George Flint, Kaustubh Kislay


Abstract
Language is, as commonly theorized, largely arbitrary. Yet, systematic relationships between phonetics and semantics have been observed in many specific cases. To what degree could those systematic relationships manifest themselves in large scale, quantitative investigations–both in previously identified and unidentified phenomena? This work undertakes a distributional approach to quantifying phonosemantic iconicity at scale across 6 diverse languages (English, Spanish, Hindi, Finnish, Turkish, and Tamil).
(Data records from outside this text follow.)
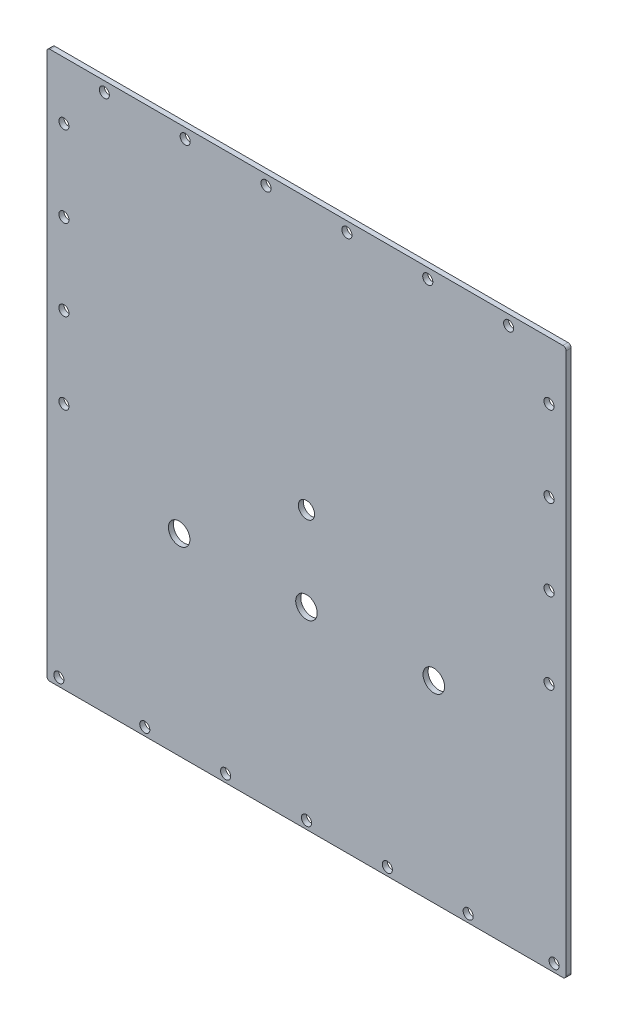
SolidWorks part; units mm, degrees
material "6061 Alloy"
ref_plane "Front Plane" through (0, 0, 0) normal (0, 0, 1) x (1, 0, 0)
ref_plane "Top Plane" through (0, 0, 0) normal (0, 1, 0) x (1, 0, 0)
ref_plane "Right Plane" through (0, 0, 0) normal (1, 0, 0) x (0, 0, -1)
sketch "Sketch2" plane through (0, 0, 0) normal (0, 0, 1) x (1, 0, 0)
  line L0 (0, -176.7623) -> (165.1, -176.7623)
  line L1 (0, 0) -> (165.1, 0)
  line L5 (82.55, 0) -> (82.55, -176.7623) construction
  line L6 (165.1, 0) -> (165.1, -176.7623)
  line L7 (0, 0) -> (0, -176.7623)
  line L8 (0, 0) -> (0, -176.7623)
  line L9 (0, -171.98) -> (165.1, -171.98)
  line L10 (1, 0) -> (1, -171.98)
  line L11 (164.1, -171.98) -> (164.1, 0)
  circle A31 centre (31.75, -169.48) radius 1.5875
  circle A32 centre (57.15, -169.48) radius 1.5875
  circle A33 centre (82.55, -169.48) radius 1.5875
  circle A34 centre (107.95, -169.48) radius 1.5875
  circle A35 centre (133.35, -169.48) radius 1.5875
  circle A63 centre (6.35, -18.05) radius 1.5875
  circle A65 centre (160.3375, -169.48) radius 1.5875
  circle A66 centre (4.7625, -169.48) radius 1.5875
  circle A67 centre (82.55, -85) radius 2.5527
  circle A69 centre (19.05, -3.175) radius 1.5875
  circle A70 centre (44.45, -3.175) radius 1.5875
  circle A71 centre (69.85, -3.175) radius 1.5875
  circle A72 centre (95.25, -3.175) radius 1.5875
  circle A73 centre (120.65, -3.175) radius 1.5875
  circle A74 centre (146.05, -3.175) radius 1.5875
  circle A76 centre (6.35, -43.45) radius 1.5875
  circle A77 centre (6.35, -68.85) radius 1.5875
  circle A78 centre (6.35, -94.25) radius 1.5875
  circle A81 centre (158.75, -68.85) radius 1.5875
  circle A82 centre (158.75, -94.25) radius 1.5875
  circle A83 centre (158.75, -43.45) radius 1.5875
  circle A84 centre (158.75, -18.05) radius 1.5875
  dimension "D9" = 3.175
  dimension "D4" = 3.175
  dimension "D21" = 5.1054
  dimension "D1" = 165.1
  dimension "D23" = 25.4
  dimension "D5" = 176.7623
  dimension "D8" = 31.75
  dimension "D11" = 7.2823
  dimension "D10" = 19.05
  dimension "D12" = 3.175
  dimension "D14" = 25.4
  dimension "D3" = 18.05
  dimension "D6" = 6.35
  dimension "D15" = 25.4
  dimension "D16" = 2.5
  dimension "D17" = 4.7625
  dimension "D18" = 1
  dimension "D19" = 1
  dimension "D20" = 85
  dimension "D22" = 5
  dimension "D13" = 3
  dimension "D7" = 4
extrude "Boss-Extrude2" add sketch "Sketch2" along normal blind 1.5875 contours L1 L0 A35 A34 A33 A32 A31 | L1 L5 A33 L0 L6 A35 A34 region at (3.3702, -85.99, 0)
fillet "Fillet1" radius 1 4 edges at (1, -171.98, 0.7937) (1, 0, 0.7937) (164.1, 0, 0.7937) (164.1, -171.98, 0.7937)
sketch "Sketch3" plane through (0, 0, 1.5875) normal (0, 0, 1) x (1, 0, 0)
  line L0 (2, -171.98) -> (163.1, -171.98) construction
  line L2 (1, -1) -> (1, -170.98) construction
  circle A0 centre (42.55, -111.451) radius 3.38
  circle A1 centre (82.55, -111.451) radius 3.38
  circle A2 centre (122.55, -111.451) radius 3.38
  point P8 (0, 0)
  dimension "D4" = 6.76
  dimension "D1" = 40
  dimension "D2" = 40
  dimension "D3" = 60.529
  dimension "D5" = 41.55
extrude "Cut-Extrude1" cut sketch "Sketch3" against normal through all both and the other way through all
equation "\"D19@Sketch2\"=\"D18@Sketch2\""
equation "\"D9@Sketch2\"=\"D4@Sketch2\""

In each language, we analyze the alignment of morphemes’ phonetic and semantic similarity spaces with a suite of statistical measures, and discover an array of interpretable phonosemantic alignments not previously identified in the literature, along with crosslinguistic patterns. We also analyze 5 previously hypothesized phonosemantic alignments, finding support for some such alignments and mixed results for others.
Anthology ID:
2025.ijcnlp-long.67
Volume:
Proceedings of the 14th International Joint Conference on Natural Language Processing and the 4th Conference of the Asia-Pacific Chapter of the Association for Computational Linguistics
Month:
December
Year:
2025
Address:
Mumbai, India
Editors:
Kentaro Inui, Sakriani Sakti, Haofen Wang, Derek F. Wong, Pushpak Bhattacharyya, Biplab Banerjee, Asif Ekbal, Tanmoy Chakraborty, Dhirendra Pratap Singh
Venues:
IJCNLP | AACL
SIG:
Publisher:
The Asian Federation of Natural Language Processing and The Association for Computational Linguistics
Note:
Pages:
1219–1237
Language:
URL:
https://preview.aclanthology.org/ingest-ijcnlp-aacl/2025.ijcnlp-long.67/
DOI:
Bibkey:
Cite (ACL):
George Flint and Kaustubh Kislay. 2025. Quantifying Phonosemantic Iconicity Distributionally in 6 Languages. In Proceedings of the 14th International Joint Conference on Natural Language Processing and the 4th Conference of the Asia-Pacific Chapter of the Association for Computational Linguistics, pages 1219–1237, Mumbai, India. The Asian Federation of Natural Language Processing and The Association for Computational Linguistics.
Cite (Informal):
Quantifying Phonosemantic Iconicity Distributionally in 6 Languages (Flint & Kislay, IJCNLP-AACL 2025)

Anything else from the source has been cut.